The goal of locality scheduling is to minimize the amount of data transfer to hosts. In sending work to at given host, the scheduler tries to send results that use input files already on the host.

局部调度用于如下类型的项目：

* 每个任务包都有比较大的输入文件(同时也可以有其它一些更小的输入文件)。
* 每个大的输入文件都被多个任务包所使用。

局部调度的目标是尽可能减少主机的数据传输量。在向特定主机发送任务的时候，调度服务会试图发送那些使用已经在该主机上的输入文件的计算结果。

To use locality scheduling, projects must do the following:

* Workunit names must be of the form FILENAME__*, where FILENAME is the name of the large input file used by that workunit. These filenames cannot contain '__'.
* The <file_info> for each large input file must contain the tags

<sticky/>
<report_on_rpc/>

* The config.xml file must contain

<locality_scheduling/>

要使用局部调度，项目必须做如下工作：

* 任务包的名称必须是 FILENAME__* 的形式，其中FILENAME是任务包所使用的大输入文件的名称。这个文件名不能包含“__”。
* 每个大输入文件的 <file_info> 必须包含如下标签：
* config.xml 文件必须包含：

Locality scheduling works as follows:

* Each scheduler RPC contains a list of the large files already on the host, if any.
* The scheduler attempts to send results that use a file already on the host.
* For each file that is on the host and for which no results are available for sending, the scheduler instructs the host to delete the file.

局部调度按如下方式工作：

* 每个调度服务的远端过程调用都包含一个主机上已存在的大文件列表。
* 调度服务试图发送那些使用主机上已经存在的文件的计算结果。
* 对于主机上的每一个已经没有计算结果可以发送的文件，调度服务通知主机删除该文件。

On-demand work generation

按需的任务生成

This mechanism, which is used in conjunction with locality scheduling, lets a project create work in response to scheduler requests rather than creating all work ahead of time. The mechanism is controlled by an element in config.xml of the form:

<locality_scheduling_wait_period> N </locality_scheduling_wait_period>

where N is some number of seconds.

When a host storing file X requests work, and there are no available results using X, then the scheduler touches a 'trigger file'

PROJECT_ROOT/locality_scheduling/need_work/X

The scheduler then sleeps for N seconds, and makes one additional attempt to find suitable unsent results.

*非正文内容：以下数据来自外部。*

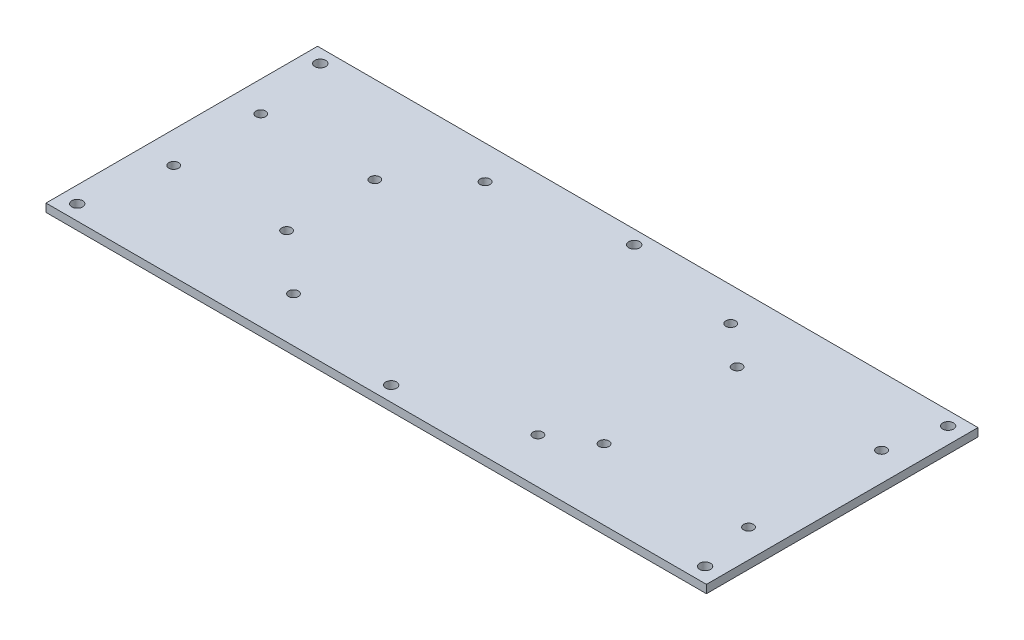
ISO-10303-21;
HEADER;
FILE_DESCRIPTION(('STEP AP214'),'2;1');
FILE_NAME('part.step','',(''),(''),'','','');
FILE_SCHEMA(('AUTOMOTIVE_DESIGN { 1 0 10303 214 1 1 1 1 }'));
ENDSEC;
DATA;
#1=APPLICATION_CONTEXT('core data for automotive mechanical design processes');
#2=APPLICATION_PROTOCOL_DEFINITION('international standard','automotive_design',2000,#1);
#3=PRODUCT_CONTEXT('',#1,'mechanical');
#4=PRODUCT('Part','Part','',(#3));
#5=PRODUCT_RELATED_PRODUCT_CATEGORY('part','',(#4));
#6=PRODUCT_DEFINITION_FORMATION('','',#4);
#7=PRODUCT_DEFINITION_CONTEXT('part definition',#1,'design');
#8=PRODUCT_DEFINITION('design','',#6,#7);
#9=PRODUCT_DEFINITION_SHAPE('','',#8);
#10=(LENGTH_UNIT() NAMED_UNIT(*) SI_UNIT(.MILLI.,.METRE.));
#11=(NAMED_UNIT(*) PLANE_ANGLE_UNIT() SI_UNIT($,.RADIAN.));
#12=(NAMED_UNIT(*) SI_UNIT($,.STERADIAN.) SOLID_ANGLE_UNIT());
#13=UNCERTAINTY_MEASURE_WITH_UNIT(LENGTH_MEASURE(1.E-05),#10,'distance_accuracy_value','');
#14=(GEOMETRIC_REPRESENTATION_CONTEXT(3) GLOBAL_UNCERTAINTY_ASSIGNED_CONTEXT((#13)) GLOBAL_UNIT_ASSIGNED_CONTEXT((#10,
#11,#12)) REPRESENTATION_CONTEXT('',''));
#15=CARTESIAN_POINT('',(0.,0.,0.));
#16=DIRECTION('',(0.,0.,1.));
#17=DIRECTION('',(1.,0.,0.));
#18=AXIS2_PLACEMENT_3D('',#15,#16,#17);
#19=CARTESIAN_POINT('',(0.,3.,0.));
#20=DIRECTION('',(0.,1.,0.));
#21=DIRECTION('',(0.,0.,1.));
#22=AXIS2_PLACEMENT_3D('',#19,#20,#21);
#23=PLANE('',#22);
#24=CARTESIAN_POINT('',(5.,3.,5.));
#25=DIRECTION('',(0.,1.,0.));
#26=DIRECTION('',(0.,0.,1.));
#27=AXIS2_PLACEMENT_3D('',#24,#25,#26);
#28=CIRCLE('',#27,2.);
#29=CARTESIAN_POINT('',(5.,3.,7.));
#30=VERTEX_POINT('',#29);
#31=EDGE_CURVE('E209',#30,#30,#28,.T.);
#32=ORIENTED_EDGE('',*,*,#31,.F.);
#33=EDGE_LOOP('',(#32));
#34=FACE_BOUND('',#33,.T.);
#35=CARTESIAN_POINT('',(178.495550597673,3.,25.));
#36=DIRECTION('',(0.,1.,0.));
#37=DIRECTION('',(0.,0.,1.));
#38=AXIS2_PLACEMENT_3D('',#35,#36,#37);
#39=CIRCLE('',#38,1.80000000000001);
#40=CARTESIAN_POINT('',(178.495550597673,3.,26.8));
#41=VERTEX_POINT('',#40);
#42=EDGE_CURVE('E197',#41,#41,#39,.T.);
#43=ORIENTED_EDGE('',*,*,#42,.F.);
#44=EDGE_LOOP('',(#43));
#45=FACE_BOUND('',#44,.T.);
#46=CARTESIAN_POINT('',(178.495550597673,3.,74.));
#47=DIRECTION('',(0.,1.,0.));
#48=DIRECTION('',(0.,0.,1.));
#49=AXIS2_PLACEMENT_3D('',#46,#47,#48);
#50=CIRCLE('',#49,1.80000000000001);
#51=CARTESIAN_POINT('',(178.495550597673,3.,75.8));
#52=VERTEX_POINT('',#51);
#53=EDGE_CURVE('E185',#52,#52,#50,.T.);
#54=ORIENTED_EDGE('',*,*,#53,.F.);
#55=EDGE_LOOP('',(#54));
#56=FACE_BOUND('',#55,.T.);
#57=CARTESIAN_POINT('',(231.695550597673,3.,25.));
#58=DIRECTION('',(0.,1.,0.));
#59=DIRECTION('',(0.,0.,1.));
#60=AXIS2_PLACEMENT_3D('',#57,#58,#59);
#61=CIRCLE('',#60,1.80000000000001);
#62=CARTESIAN_POINT('',(231.695550597673,3.,26.8));
#63=VERTEX_POINT('',#62);
#64=EDGE_CURVE('E173',#63,#63,#61,.T.);
#65=ORIENTED_EDGE('',*,*,#64,.F.);
#66=EDGE_LOOP('',(#65));
#67=FACE_BOUND('',#66,.T.);
#68=CARTESIAN_POINT('',(52.0911869267946,3.,32.));
#69=DIRECTION('',(0.,1.,0.));
#70=DIRECTION('',(0.,0.,1.));
#71=AXIS2_PLACEMENT_3D('',#68,#69,#70);
#72=CIRCLE('',#71,1.79999999999999);
#73=CARTESIAN_POINT('',(52.0911869267946,3.,33.8));
#74=VERTEX_POINT('',#73);
#75=EDGE_CURVE('E161',#74,#74,#72,.T.);
#76=ORIENTED_EDGE('',*,*,#75,.F.);
#77=EDGE_LOOP('',(#76));
#78=FACE_BOUND('',#77,.T.);
#79=CARTESIAN_POINT('',(10.0911869267946,3.,32.));
#80=DIRECTION('',(0.,1.,0.));
#81=DIRECTION('',(0.,0.,1.));
#82=AXIS2_PLACEMENT_3D('',#79,#80,#81);
#83=CIRCLE('',#82,1.80000000000001);
#84=CARTESIAN_POINT('',(10.0911869267946,3.,33.8));
#85=VERTEX_POINT('',#84);
#86=EDGE_CURVE('E149',#85,#85,#83,.T.);
#87=ORIENTED_EDGE('',*,*,#86,.F.);
#88=EDGE_LOOP('',(#87));
#89=FACE_BOUND('',#88,.T.);
#90=CARTESIAN_POINT('',(163.495550597673,3.,83.3605255005435));
#91=DIRECTION('',(0.,1.,0.));
#92=DIRECTION('',(0.,0.,1.));
#93=AXIS2_PLACEMENT_3D('',#90,#91,#92);
#94=CIRCLE('',#93,1.80000000000001);
#95=CARTESIAN_POINT('',(163.495550597673,3.,85.1605255005435));
#96=VERTEX_POINT('',#95);
#97=EDGE_CURVE('E137',#96,#96,#94,.T.);
#98=ORIENTED_EDGE('',*,*,#97,.F.);
#99=EDGE_LOOP('',(#98));
#100=FACE_BOUND('',#99,.T.);
#101=CARTESIAN_POINT('',(73.4955505976732,3.,83.3605255005436));
#102=DIRECTION('',(0.,1.,0.));
#103=DIRECTION('',(0.,0.,1.));
#104=AXIS2_PLACEMENT_3D('',#101,#102,#103);
#105=CIRCLE('',#104,1.79999999999999);
#106=CARTESIAN_POINT('',(73.4955505976732,3.,85.1605255005436));
#107=VERTEX_POINT('',#106);
#108=EDGE_CURVE('E125',#107,#107,#105,.T.);
#109=ORIENTED_EDGE('',*,*,#108,.F.);
#110=EDGE_LOOP('',(#109));
#111=FACE_BOUND('',#110,.T.);
#112=CARTESIAN_POINT('',(73.0495761534593,3.,12.3619261707321));
#113=DIRECTION('',(0.,1.,0.));
#114=DIRECTION('',(0.,0.,1.));
#115=AXIS2_PLACEMENT_3D('',#112,#113,#114);
#116=CIRCLE('',#115,1.79999999999999);
#117=CARTESIAN_POINT('',(73.0495761534593,3.,14.1619261707321));
#118=VERTEX_POINT('',#117);
#119=EDGE_CURVE('E104',#118,#118,#116,.T.);
#120=ORIENTED_EDGE('',*,*,#119,.F.);
#121=EDGE_LOOP('',(#120));
#122=FACE_BOUND('',#121,.T.);
#123=DIRECTION('',(0.,0.,1.));
#124=VECTOR('',#123,1.);
#125=CARTESIAN_POINT('',(-1.,3.,0.));
#126=LINE('',#125,#124);
#127=CARTESIAN_POINT('',(-1.,3.,0.));
#128=VERTEX_POINT('',#127);
#129=CARTESIAN_POINT('',(-1.,3.,100.));
#130=VERTEX_POINT('',#129);
#131=EDGE_CURVE('E89',#128,#130,#126,.T.);
#132=ORIENTED_EDGE('',*,*,#131,.T.);
#133=DIRECTION('',(1.,0.,0.));
#134=VECTOR('',#133,1.);
#135=CARTESIAN_POINT('',(-1.,3.,100.));
#136=LINE('',#135,#134);
#137=CARTESIAN_POINT('',(242.2,3.,100.));
#138=VERTEX_POINT('',#137);
#139=EDGE_CURVE('E84',#130,#138,#136,.T.);
#140=ORIENTED_EDGE('',*,*,#139,.T.);
#141=DIRECTION('',(0.,0.,-1.));
#142=VECTOR('',#141,1.);
#143=CARTESIAN_POINT('',(242.2,3.,0.));
#144=LINE('',#143,#142);
#145=CARTESIAN_POINT('',(242.2,3.,0.));
#146=VERTEX_POINT('',#145);
#147=EDGE_CURVE('E87',#138,#146,#144,.T.);
#148=ORIENTED_EDGE('',*,*,#147,.T.);
#149=DIRECTION('',(-1.,0.,0.));
#150=VECTOR('',#149,1.);
#151=CARTESIAN_POINT('',(-1.,3.,0.));
#152=LINE('',#151,#150);
#153=EDGE_CURVE('E54',#146,#128,#152,.T.);
#154=ORIENTED_EDGE('',*,*,#153,.T.);
#155=EDGE_LOOP('',(#132,#140,#148,#154));
#156=FACE_BOUND('',#155,.T.);
#157=CARTESIAN_POINT('',(236.2,3.,5.));
#158=DIRECTION('',(0.,1.,0.));
#159=DIRECTION('',(0.,0.,1.));
#160=AXIS2_PLACEMENT_3D('',#157,#158,#159);
#161=CIRCLE('',#160,2.);
#162=CARTESIAN_POINT('',(236.2,3.,7.));
#163=VERTEX_POINT('',#162);
#164=EDGE_CURVE('E119',#163,#163,#161,.T.);
#165=ORIENTED_EDGE('',*,*,#164,.F.);
#166=EDGE_LOOP('',(#165));
#167=FACE_BOUND('',#166,.T.);
#168=CARTESIAN_POINT('',(163.495550597673,3.,12.3605255005435));
#169=DIRECTION('',(0.,1.,0.));
#170=DIRECTION('',(0.,0.,1.));
#171=AXIS2_PLACEMENT_3D('',#168,#169,#170);
#172=CIRCLE('',#171,1.80000000000001);
#173=CARTESIAN_POINT('',(163.495550597673,3.,14.1605255005435));
#174=VERTEX_POINT('',#173);
#175=EDGE_CURVE('E131',#174,#174,#172,.T.);
#176=ORIENTED_EDGE('',*,*,#175,.F.);
#177=EDGE_LOOP('',(#176));
#178=FACE_BOUND('',#177,.T.);
#179=CARTESIAN_POINT('',(236.2,3.,94.5));
#180=DIRECTION('',(0.,1.,0.));
#181=DIRECTION('',(0.,0.,1.));
#182=AXIS2_PLACEMENT_3D('',#179,#180,#181);
#183=CIRCLE('',#182,2.);
#184=CARTESIAN_POINT('',(236.2,3.,96.5));
#185=VERTEX_POINT('',#184);
#186=EDGE_CURVE('E143',#185,#185,#183,.T.);
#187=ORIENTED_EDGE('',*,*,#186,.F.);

这个机制，配合局部调度使用，可以使项目根据调度请求来创建任务而不是预先把任务都生成好。此机制可以通过 config.xml 文件中的一个元素来控制：

其中 N 是以秒为单位的一个数字。

当存储了文件 X 的主机请求任务而服务端并没有使用文件 X 的计算结果时，调度服务将创建一个“触发文件”在：

然后调度服务将休眠 N 秒，再试图寻找合适的非发送的计算结果。

The project must supply a 'on-demand work generator' daemon program that scans the need_work directory. If it finds an entry, it creates additional workunits for the file, and the transitioner then generates results for these workunits. N should be chosen large enough so that both tasks complete within N seconds most of the time (10 seconds is a good estimate).

The work generator should delete the trigger file after creating work.

项目必须提供一下提供“按需任务生成”服务的后台程序，它将对 need_work 目录进行扫描。如果寻找到文件，它会为该文件创建额外的任务包，而转换服务(transitioner)也将为些任务包生成计算结果。N 应该足够大，以便这两步操作可以在最多 N 秒的时间内完成(比如10秒就是一个不错的估计)。

In addition, if the work generator (or some other project daemon) determines that no further workunits can be made for a file X, then it can touch a trigger file

PROJECT_ROOT/locality_scheduling/no_work_available/X

If the scheduler finds this trigger file then it assumes that the project cannot create additional work for this data file and skips the 'notify, sleep, query again' sequence above. Of course it still does the initial query, so if the transitioner has made some new results for an existing (old) WU, they will get picked up.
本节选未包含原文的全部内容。